Data excerpts:
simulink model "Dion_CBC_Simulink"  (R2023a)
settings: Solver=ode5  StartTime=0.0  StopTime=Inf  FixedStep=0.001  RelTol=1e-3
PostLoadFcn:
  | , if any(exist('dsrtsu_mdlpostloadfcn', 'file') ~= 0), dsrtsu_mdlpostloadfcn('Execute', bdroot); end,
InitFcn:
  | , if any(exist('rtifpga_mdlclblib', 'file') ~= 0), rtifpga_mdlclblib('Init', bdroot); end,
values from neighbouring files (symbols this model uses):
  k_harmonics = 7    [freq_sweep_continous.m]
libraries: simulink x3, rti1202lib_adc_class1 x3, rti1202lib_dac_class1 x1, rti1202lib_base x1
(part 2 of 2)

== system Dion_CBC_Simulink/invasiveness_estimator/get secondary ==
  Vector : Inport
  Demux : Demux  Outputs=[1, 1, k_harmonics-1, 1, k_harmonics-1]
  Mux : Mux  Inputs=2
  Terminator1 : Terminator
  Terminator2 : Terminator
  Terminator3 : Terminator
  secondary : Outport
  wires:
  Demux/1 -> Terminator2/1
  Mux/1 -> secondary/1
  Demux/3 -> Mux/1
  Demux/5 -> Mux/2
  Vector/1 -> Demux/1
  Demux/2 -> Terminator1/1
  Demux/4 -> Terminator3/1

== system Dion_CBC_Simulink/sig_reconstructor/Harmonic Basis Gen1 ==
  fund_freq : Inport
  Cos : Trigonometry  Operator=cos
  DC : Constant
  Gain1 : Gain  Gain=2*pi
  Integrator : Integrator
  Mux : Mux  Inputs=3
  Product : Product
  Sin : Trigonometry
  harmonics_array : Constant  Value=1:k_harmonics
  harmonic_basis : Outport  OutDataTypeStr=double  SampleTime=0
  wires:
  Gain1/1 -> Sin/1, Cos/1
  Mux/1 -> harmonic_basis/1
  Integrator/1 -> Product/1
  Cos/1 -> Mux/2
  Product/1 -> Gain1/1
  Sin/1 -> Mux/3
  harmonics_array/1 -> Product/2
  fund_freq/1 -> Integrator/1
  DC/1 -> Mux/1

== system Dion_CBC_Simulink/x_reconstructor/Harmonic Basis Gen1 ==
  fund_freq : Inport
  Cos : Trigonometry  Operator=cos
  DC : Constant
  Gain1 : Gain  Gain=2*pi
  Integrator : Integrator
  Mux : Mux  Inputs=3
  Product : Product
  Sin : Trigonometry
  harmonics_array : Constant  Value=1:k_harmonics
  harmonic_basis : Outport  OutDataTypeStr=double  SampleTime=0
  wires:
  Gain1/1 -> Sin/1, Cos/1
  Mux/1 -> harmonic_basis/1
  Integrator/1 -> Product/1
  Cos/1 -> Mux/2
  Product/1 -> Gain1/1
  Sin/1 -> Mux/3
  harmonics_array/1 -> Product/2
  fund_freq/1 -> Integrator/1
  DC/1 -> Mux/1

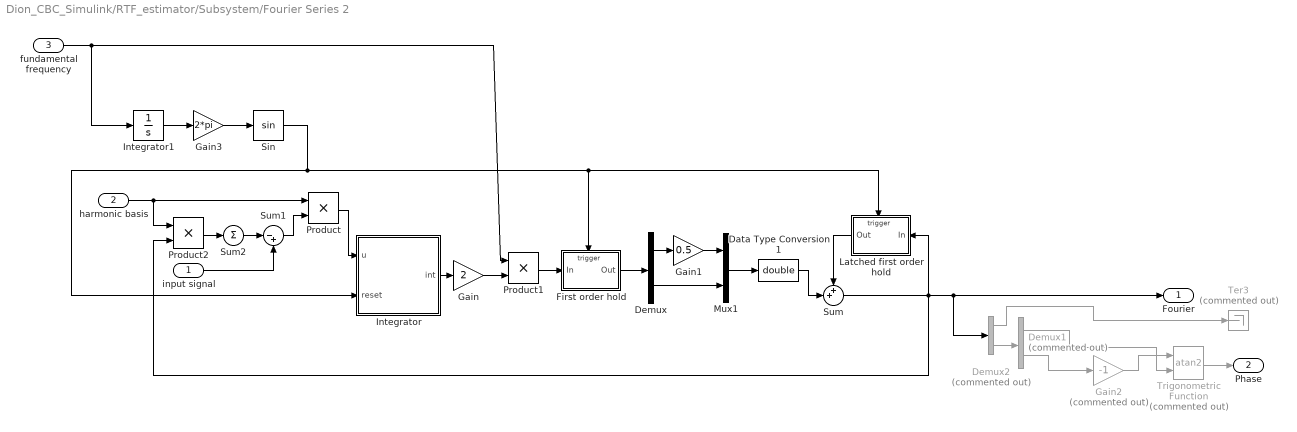
== system Dion_CBC_Simulink/RTF_estimator/Subsystem/Fourier Series 2 ==
  input signal : Inport
  harmonic basis : Inport  Port=2
  fundamental frequency : Inport  Port=3
  Data Type Conversion1 : DataTypeConversion  OutDataTypeStr=double  SaturateOnIntegerOverflow=off  RndMeth=Floor
  Demux : Demux  Outputs=[1 -1]
  Demux1 : Demux  Commented=on  Outputs=2
  Demux2 : Demux  Commented=on  Outputs=[1 -1]
  First order hold : Subsystem  TreatAsAtomicUnit=on
  Gain : Gain  Gain=2
  Gain1 : Gain  Gain=0.5
  Gain2 : Gain  Commented=on  Gain=-1
  Gain3 : Gain  Gain=2*pi
  Integrator : Subsystem
  Integrator1 : Integrator
  Latched first order hold : Subsystem  TreatAsAtomicUnit=on
  Mux1 : Mux  Inputs=2
  Product : Product  RndMeth=Zero
  Product1 : Product  RndMeth=Zero
  Product2 : Product  RndMeth=Zero
  Sin : Trigonometry
  Sum : Sum  Tag=Test  Inputs=++|
  Sum1 : Sum  Inputs=|-+
  Sum2 : Sum  Inputs=|+|
  Ter3 : Terminator  Commented=on
  Trigonometric Function : Trigonometry  Commented=on  Operator=atan2
  Fourier : Outport
  Phase : Outport  Port=2
  wires:
  fundamental frequency/1 -> Product1/1, Integrator1/1
  Integrator1/1 -> Gain3/1
  Gain3/1 -> Sin/1
  Demux2/1 -> Ter3/1
  Demux2/2 -> Demux1/1
  Gain2/1 -> Trigonometric Function/1
  Demux1/2 -> Gain2/1
  Demux1/1 -> Trigonometric Function/2
  Product/1 -> Integrator/1(u)
  Trigonometric Function/1 -> Phase/1
  Sum2/1 -> Sum1/1
  harmonic basis/1 -> Product2/1, Product/1
  input signal/1 -> Sum1/2
  Product2/1 -> Sum2/1
  Sum1/1 -> Product/2
  Latched first order hold/1(Out) -> Sum/1
  Sum/1 -> Demux2/1, Fourier/1, Latched first order hold/1(In), Product2/2
  Data Type Conversion1/1 -> Sum/2
  Mux1/1 -> Data Type Conversion1/1
  First order hold/1(Out) -> Demux/1
  Demux/2 -> Mux1/2
  Gain1/1 -> Mux1/1
  Demux/1 -> Gain1/1
  Integrator/1(int) -> Gain/1
  Sin/1 -> Latched first order hold/Trigger, First order hold/Trigger, Integrator/2(reset)
  Gain/1 -> Product1/2
  Product1/1 -> First order hold/1(In)

== system Dion_CBC_Simulink/RTF_estimator/Subsystem/Harmonic Basis Gen1 ==
  fund_freq : Inport
  Cos : Trigonometry  Operator=cos
  DC : Constant
  Gain1 : Gain  Gain=2*pi
  Integrator : Integrator
  Mux : Mux  Inputs=3
  Product : Product
  Sin : Trigonometry
  harmonics_array : Constant  Value=1:k_harmonics
  harmonic_basis : Outport  OutDataTypeStr=double  SampleTime=0
  wires:
  Gain1/1 -> Sin/1, Cos/1
  Mux/1 -> harmonic_basis/1
  Integrator/1 -> Product/1
  Cos/1 -> Mux/2
  Product/1 -> Gain1/1
  Sin/1 -> Mux/3
  harmonics_array/1 -> Product/2
  fund_freq/1 -> Integrator/1
  DC/1 -> Mux/1

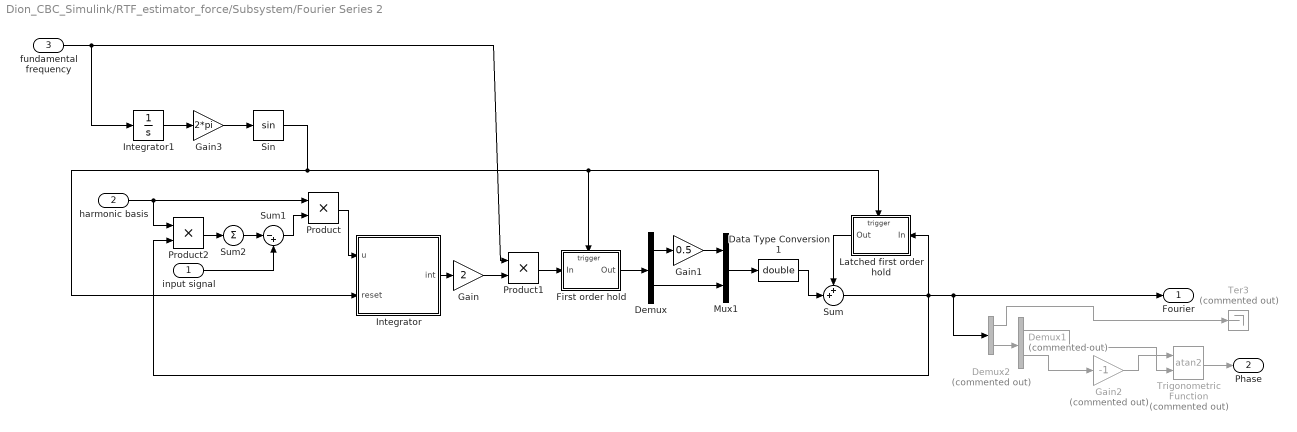
== system Dion_CBC_Simulink/RTF_estimator_force/Subsystem/Fourier Series 2 ==
  input signal : Inport
  harmonic basis : Inport  Port=2
  fundamental frequency : Inport  Port=3
  Data Type Conversion1 : DataTypeConversion  OutDataTypeStr=double  SaturateOnIntegerOverflow=off  RndMeth=Floor
  Demux : Demux  Outputs=[1 -1]
  Demux1 : Demux  Commented=on  Outputs=2
  Demux2 : Demux  Commented=on  Outputs=[1 -1]
  First order hold : Subsystem  TreatAsAtomicUnit=on
  Gain : Gain  Gain=2
  Gain1 : Gain  Gain=0.5
  Gain2 : Gain  Commented=on  Gain=-1
  Gain3 : Gain  Gain=2*pi
  Integrator : Subsystem
  Integrator1 : Integrator
  Latched first order hold : Subsystem  TreatAsAtomicUnit=on
  Mux1 : Mux  Inputs=2
  Product : Product  RndMeth=Zero
  Product1 : Product  RndMeth=Zero
  Product2 : Product  RndMeth=Zero
  Sin : Trigonometry
  Sum : Sum  Tag=Test  Inputs=++|
  Sum1 : Sum  Inputs=|-+
  Sum2 : Sum  Inputs=|+|
  Ter3 : Terminator  Commented=on
  Trigonometric Function : Trigonometry  Commented=on  Operator=atan2
  Fourier : Outport
  Phase : Outport  Port=2
  wires:
  Product1/1 -> First order hold/1(In)
  Gain/1 -> Product1/2
  Sin/1 -> Integrator/2(reset), First order hold/Trigger, Latched first order hold/Trigger
  Integrator/1(int) -> Gain/1
  Demux/1 -> Gain1/1
  Gain1/1 -> Mux1/1
  Demux/2 -> Mux1/2
  First order hold/1(Out) -> Demux/1
  Mux1/1 -> Data Type Conversion1/1
  Data Type Conversion1/1 -> Sum/2
  Sum/1 -> Product2/2, Latched first order hold/1(In), Fourier/1, Demux2/1
  Latched first order hold/1(Out) -> Sum/1
  Sum1/1 -> Product/2
  Product2/1 -> Sum2/1
  input signal/1 -> Sum1/2
  harmonic basis/1 -> Product/1, Product2/1
  Sum2/1 -> Sum1/1
  Trigonometric Function/1 -> Phase/1
  Product/1 -> Integrator/1(u)
  Demux1/1 -> Trigonometric Function/2
  Demux1/2 -> Gain2/1
  Gain2/1 -> Trigonometric Function/1
  Demux2/2 -> Demux1/1
  Demux2/1 -> Ter3/1
  Gain3/1 -> Sin/1
  Integrator1/1 -> Gain3/1
  fundamental frequency/1 -> Integrator1/1, Product1/1

== system Dion_CBC_Simulink/RTF_estimator_force/Subsystem/Harmonic Basis Gen1 ==
  fund_freq : Inport
  Cos : Trigonometry  Operator=cos
  DC : Constant
  Gain1 : Gain  Gain=2*pi
  Integrator : Integrator
  Mux : Mux  Inputs=3
  Product : Product
  Sin : Trigonometry
  harmonics_array : Constant  Value=1:k_harmonics
  harmonic_basis : Outport  OutDataTypeStr=double  SampleTime=0
  wires:
  DC/1 -> Mux/1
  fund_freq/1 -> Integrator/1
  harmonics_array/1 -> Product/2
  Sin/1 -> Mux/3
  Product/1 -> Gain1/1
  Cos/1 -> Mux/2
  Integrator/1 -> Product/1
  Mux/1 -> harmonic_basis/1
  Gain1/1 -> Cos/1, Sin/1

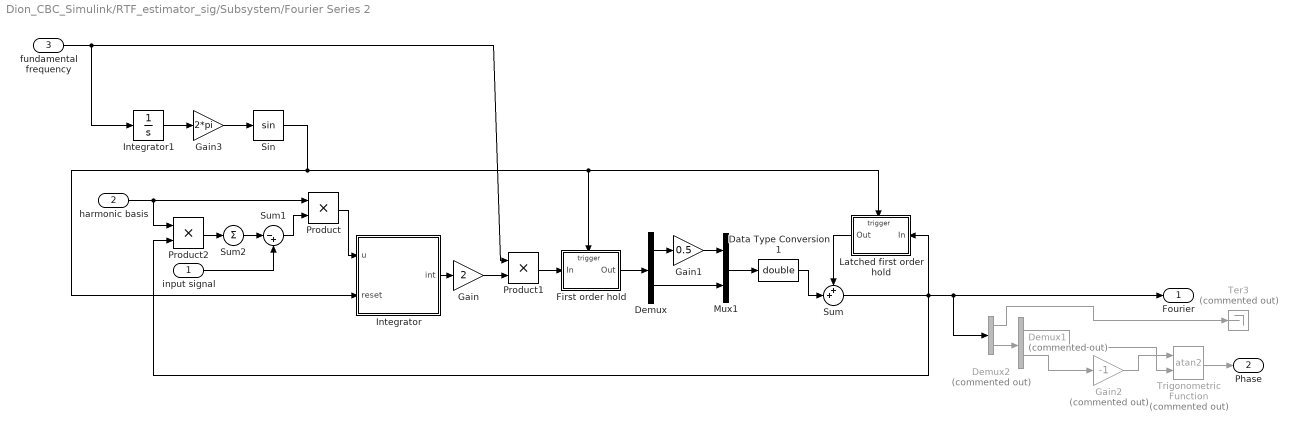
== system Dion_CBC_Simulink/RTF_estimator_sig/Subsystem/Fourier Series 2 ==
  input signal : Inport
  harmonic basis : Inport  Port=2
  fundamental frequency : Inport  Port=3
  Data Type Conversion1 : DataTypeConversion  OutDataTypeStr=double  SaturateOnIntegerOverflow=off  RndMeth=Floor
  Demux : Demux  Outputs=[1 -1]
  Demux1 : Demux  Commented=on  Outputs=2
  Demux2 : Demux  Commented=on  Outputs=[1 -1]
  First order hold : Subsystem  TreatAsAtomicUnit=on
  Gain : Gain  Gain=2
  Gain1 : Gain  Gain=0.5
  Gain2 : Gain  Commented=on  Gain=-1
  Gain3 : Gain  Gain=2*pi
  Integrator : Subsystem
  Integrator1 : Integrator
  Latched first order hold : Subsystem  TreatAsAtomicUnit=on
  Mux1 : Mux  Inputs=2
  Product : Product  RndMeth=Zero
  Product1 : Product  RndMeth=Zero
  Product2 : Product  RndMeth=Zero
  Sin : Trigonometry
  Sum : Sum  Tag=Test  Inputs=++|
  Sum1 : Sum  Inputs=|-+
  Sum2 : Sum  Inputs=|+|
  Ter3 : Terminator  Commented=on
  Trigonometric Function : Trigonometry  Commented=on  Operator=atan2
  Fourier : Outport
  Phase : Outport  Port=2
  wires:
  fundamental frequency/1 -> Product1/1, Integrator1/1
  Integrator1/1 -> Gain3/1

:: TASK STATEMENT ::
Search the records for the word "exist". Copy each line where it appears.

:: SOLUTION FOR THIS EXERCISE ::
  | , if any(exist('dsrtsu_mdlpostloadfcn', 'file') ~= 0), dsrtsu_mdlpostloadfcn('Execute', bdroot); end,
  | , if any(exist('rtifpga_mdlclblib', 'file') ~= 0), rtifpga_mdlclblib('Init', bdroot); end,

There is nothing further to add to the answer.